# Who is the killer? Amano or Guppy?



## Atom (Apr 21, 2010)

Who done it?!

To my horror I just saw one of my cherry shrimp dead in the mouth of my male guppy! This one guppy has lived with the cherry shrimp for months and he has never attacked a shrimp. I've only seen him stare at them.

Yesterday I added some Amano shrimp to the tank and these things are almost double the size of my Cherries and about the size of the guppy. I noticed that one in particular has red poo inside his body instead of the dark brown that it was yesterday. Was he snacking on a cherry earlier and the guppy just happen to steal it away from him? Do Amanos attack other shrimp?

Who do you think did it? 

P.s. I also did a water change today, a slightly bigger one that usual, but not by much. Maybe the shrimp died of old age or shock? I'm thinking of moving the amanos now.

Update: One of the amanos has stolen the cherry from the guppy and hacking away at it. It is the same one with the red poo inside him.


----------



## SeaHorse_Fanatic (Apr 22, 2010)

Shrimp are opportunistic feeders I have found. I've seen my big Amanos in the past chowing down on my smaller CRS and cherry shrimp.


----------



## neven (May 15, 2010)

some here claim that amanos eat cherries, if they do, the rate in which they do will be much less than the colony reproducing. Guppies though, its fish to fish, as is tetras when it comes to dwarf shrimps. Often times they will coexist, but the colony wont grow. I remember i threw in some adult cherry shrimp in my 29 gallon since i was tearing down their old home, right away a phantom tetra swoops out and chomps on one


----------



## Atom (Apr 21, 2010)

SeaHorse_Fanatic said:


> Shrimp are opportunistic feeders I have found. I've seen my big Amanos in the past chowing down on my smaller CRS and cherry shrimp.


Were they already dead?

Gah...now I need another tank for my Amanos. For some reason they creep me out too.


----------



## neven (May 15, 2010)

they are only creepy when berried


----------



## Atom (Apr 21, 2010)

neven said:


> they are only creepy when berried


I don't know about that. For me it's the large size and those legs. Also I can see their innards and the remains of my cherry passing through them! Creepy.


----------



## gklaw (May 31, 2010)

From the perspective of a fish, I believe: 

"Fish are friends until I am hungry when food are anything small and weak enough for me to catch and fit inside my mouth."
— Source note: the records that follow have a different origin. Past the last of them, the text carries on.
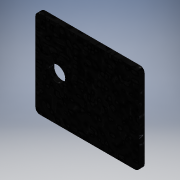
# Autodesk Inventor part: Neje_Base_slide_x
Saved by Autodesk Inventor 2019.4 (Build 234330000, 330)
## iProperties
Created: 2021-04-08
Part Number: Neje_Base_slide_x
Material: Generic
Document SubType Name: Modeling
Designer: diederichbenedict
Density: 1 g/cm^3
Appearance: Black
Author: diederichbenedict
Autodesk Inventor part; units mm, degrees
ref_plane "YZ Plane" through (0, 0, 0) normal (1, 0, 0) x (0, 1, 0)
ref_plane "XZ Plane" through (0, 0, 0) normal (0, 1, 0) x (-1, 0, 0)
ref_plane "XY Plane" through (0, 0, 0) normal (0, 0, 1) x (1, 0, 0)
sketch "Sketch1" plane through (0, 0, 0) normal (0, 0, 1) x (1, 0, 0)
  line L0 (21.0847, 68.8136) -> (-66.9153, 68.8136)
  line L1 (-70.9153, 72.8136) -> (-70.9153, 145.8136)
  line L2 (-66.9153, 149.8136) -> (21.0847, 149.8136)
  line L3 (25.0847, 145.8136) -> (25.0847, 72.8136)
  line L4 (4.925, 0) -> (4.925, 205.34) projected
  line L5 (-25.075, 0) -> (-25.075, 205.34) projected
  arc A0 (-66.9153, 149.8136) -> (-70.9153, 145.8136) centre (-66.9153, 145.8136) ccw
  arc A1 (25.0847, 145.8136) -> (21.0847, 149.8136) centre (21.0847, 145.8136) ccw
  arc A2 (21.0847, 68.8136) -> (25.0847, 72.8136) centre (21.0847, 72.8136) ccw
  arc A3 (-70.9153, 72.8136) -> (-66.9153, 68.8136) centre (-66.9153, 72.8136) ccw
  point P0 (0, 0)
  dimension "d0" = 96
  dimension "d1" = 81
  dimension "d2" = 4
  constraints: 8 end point, 8 point on circle, 8 tangent, 4 centre point, 3 equal radius, 2 parallel, 1 horizontal, 1 perpendicular
  measures "d0" distance between parallel lines of L3 L1
  measures "d1" distance between parallel lines of L2 L0
  measures "d2" radius of A0
extrude "Extrusion1" add sketch "Sketch1" along normal blind 4.7
sketch "Sketch2" plane through (0, 0, 4.7) normal (0, 0, 1) x (1, 0, 0)
  line L0 (21.0847, 149.8136) -> (-66.9153, 149.8136) projected
  arc A0 (-66.9153, 149.8136) -> (-70.9153, 145.8136) centre (-66.9153, 145.8136) ccw projected
  line L1 (-70.9153, 145.8136) -> (-70.9153, 72.8136) projected
  arc A1 (-70.9153, 72.8136) -> (-66.9153, 68.8136) centre (-66.9153, 72.8136) ccw projected
  line L2 (-66.9153, 68.8136) -> (21.0847, 68.8136) projected
  arc A2 (21.0847, 68.8136) -> (25.0847, 72.8136) centre (21.0847, 72.8136) ccw projected
  line L3 (25.0847, 72.8136) -> (25.0847, 145.8136) projected
  arc A3 (25.0847, 145.8136) -> (21.0847, 149.8136) centre (21.0847, 145.8136) ccw projected
  circle A4 centre (-50.9153, 109.3136) radius 7.448
  point P0 (0, 0)
  dimension "d5" = 20
  constraints: 1 centre point
  measures "d5" distance from line of A4.centre L1
extrude "Extrusion2" cut sketch "Sketch2" against normal through all contours A4
body "Solid1"
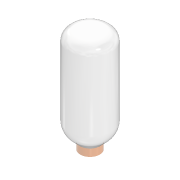
# Autodesk Inventor part: Бутылка_2
Saved by Autodesk Inventor 2022 (Build 260153000, 153)
## iProperties
Created: 2025-01-27
Part Number: Бутылка_2
Material: Типовые
Document SubType Name: Modeling
Designer: Ivan
Density: 1 g/cm^3
Appearance: Поликарбонат — прозрачный
Author: Ivan
Autodesk Inventor part; units mm, degrees
ref_plane "YZ Plane" through (0, 0, 0) normal (1, 0, 0) x (0, 1, 0)
ref_plane "XZ Plane" through (0, 0, 0) normal (0, 1, 0) x (-1, 0, 0)
ref_plane "XY Plane" through (0, 0, 0) normal (0, 0, 1) x (1, 0, 0)
sketch "Эскиз1" plane through (0, 0, 0) normal (0, 0, 1) x (1, 0, 0)
  line L0 (0, 0) -> (0, 59.8323)
  line L1 (0, 0) -> (17.5, 0)
  line L2 (17.5, 0) -> (17.5, 13)
  line L3 (17.5, 13) -> (28.7132, 24.2132)
  line L4 (37.5, 45.4264) -> (37.5, 168)
  line L5 (22.5, 183) -> (0, 183)
  line L6 (0, 183) -> (0, 0)
  arc A0 (37.5, 168) -> (22.5, 183) centre (22.5, 168) ccw
  arc A1 (28.7132, 24.2132) -> (37.5, 45.4264) centre (7.5, 45.4264) ccw
  point P0 (37.5, 33)
  dimension "d0" = 13
  dimension "d1" = 35
  dimension "d2" = 75
  dimension "d3" = 45
  dimension "d4" = 15
  dimension "d5" = 150
  dimension "d6" = 30
  constraints: 14 end point, 4 point on circle, 4 tangent, 3 perpendicular, 2 centre point, 2 point on line, 1 horizontal, 1 parallel, 1 vertical
  measures "d0" distance of L1.end L2.end
  measures "d1" diameter of L2 L0
  measures "d2" diameter of L4 L0
  measures "d3" angle of L4 L3
  measures "d4" radius of A0
  measures "d5" distance from line of point (37.5, 33) L5
  measures "d6" radius of A1
revolve "Вращение1" add sketch "Эскиз1" angle 360 about axis through (0, 0, 0) along (0, 1, 0)
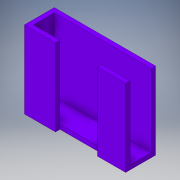
# Autodesk Inventor part: Base_Arduino
Saved by Autodesk Inventor 2019 (Build 230136000, 136)
## iProperties
Created: 2020-02-05
Part Number: Base_Arduino
Material: Generic
Document SubType Name: Modeling
Designer: Omar
Density: 1 g/cm^3
Appearance: Default
Author: Omar
Autodesk Inventor part; units mm, degrees
ref_plane "YZ Plane" through (0, 0, 0) normal (1, 0, 0) x (0, 1, 0)
ref_plane "XZ Plane" through (0, 0, 0) normal (0, 1, 0) x (-1, 0, 0)
ref_plane "XY Plane" through (0, 0, 0) normal (0, 0, 1) x (1, 0, 0)
sketch "Sketch1" plane through (0, 0, 0) normal (0, 1, 0) x (-1, 0, 0)
  line L0 (0, 0) -> (69, 0)
  line L1 (69, 0) -> (69, -15)
  line L2 (69, -15) -> (0, -15)
  line L3 (0, -15) -> (0, 0)
  dimension "d0" = 69
  dimension "d1" = 15
  constraints: 8 end point, 2 parallel, 1 horizontal, 1 perpendicular
  measures "d0" distance of L1.end L2.end
  measures "d1" distance of L0.end L1.end
extrude "Extrusion1" add sketch "Sketch1" along normal blind 3.18
sketch "Sketch2" plane through (0, 0, 0) normal (0, 1, 0) x (-1, 0, 0)
  line L0 (69, 0) -> (0, 0) projected
  line L1 (0, 0) -> (0, -15) projected
  line L2 (0, -15) -> (69, -15) projected
  line L3 (69, -15) -> (69, 0) projected
  line L4 (0, -15) -> (72.18, -15)
  line L5 (72.18, -15) -> (72.18, -18.18)
  line L6 (72.18, -18.18) -> (0, -18.18)
  line L7 (0, -18.18) -> (0, -15)
  line L8 (72.18, -15) -> (69, -15)
  line L9 (69, -15) -> (69, 0)
  line L10 (69, 0) -> (72.18, 0)
  line L11 (72.18, 0) -> (72.18, -15)
  line L12 (0, 0) -> (20, 0)
  line L13 (20, 0) -> (20, 3.18)
  line L14 (20, 3.18) -> (0, 3.18)
  line L15 (0, 3.18) -> (0, 0)
  line L16 (20, 0) -> (50, 0)
  line L17 (50, 0) -> (50, 3.18)
  line L18 (20, 3.18) -> (20, 0)
  line L19 (50, 3.18) -> (72.18, 3.18)
  line L20 (72.18, 3.18) -> (72.18, 0)
  line L21 (72.18, 0) -> (50, 0)
  line L22 (50, 0) -> (50, 3.18)
  dimension "d4" = 72.18
  dimension "d5" = 3.18
  dimension "d6" = 20
  dimension "d7" = 3.18
  dimension "d9" = 22.18
  constraints: 38 end point, 9 parallel, 5 horizontal, 5 perpendicular, 1 point on line
  measures "d4" distance of L5.end L6.end
  measures "d5" distance of L4.end L5.end
  measures "d6" distance of L14.end L13.end
  measures "d7" distance of L13.end L12.end
  measures "d9" distance of L17.end L19.end
extrude "Extrusion2" add sketch "Sketch2" along normal blind 55 contours L10 L11 L4 L3 | L0 L17 L19 L20 L10 | L4 L5 L6 L7 L2 | L0 L15 L14 L13
body "Solid1"

That's why I quit cichild after a few weeks when I saw juvies running for their dear lives and small cichlid flapping around stuck inside the mouth of a larger cichlid - he was spat out the next morning. That creeped me out 

Sorry for you loss.


----------



## arash53 (Aug 13, 2011)

Amano's only eat dead cherry shrimps


----------



## shaobo (Apr 21, 2010)

In my experiences, I was able to keep Amano with all other freshwater dwarf shrimps with no issues, the shrimp population grow healthly. And I do not think a regular size male guppy would be able to harm a full grown cherry either.

No offence, but most likely you are the killer, perhaps from the bigger than uaual WC? And Amano and guppy is probably eating the remaining.


----------



## theinnkeeper (Sep 12, 2011)

Shaobo is right. But I do have these two ridiculously large female guppies and they do chase my fully grown adult cherries around once a while.


----------



## CRS Fan (Apr 21, 2010)

I have only known Amanos to prey on shrimplets. BUT then again, I have also kept Amanos in a Blue Pearl colony with and without any negative consequences. My original Blue Pearl tank housed 6 Amanos and I never saw any BP shrimplets. Once removed, my BP colony exploded. . 

Several years later, I reintroduced a couple Amanos to my Blue Pearl colony and did not notice any consequences to that introduction. As mentioned previously, Amanos are opportunistic feeders and can overpower smaller shrimp and fish species when feeding.

Best regards,

Stuart


----------



## Tarobot (Jun 27, 2010)

ive kept amano in the same tank with cherries and a marbled crayfish with no problem. people say amanos eat shrimplets but only if they get really hungry. i myself have never seen this.


----------



## hlee72ca (Jun 29, 2010)

I have seen amanos eat dead shrimp and have heard that they prey on shrimplets, never seen it myself. Why take the chance, my shrimp tanks only have shrimps in them, and only one shrimp species per tank, don't want any cross-breeding.


----------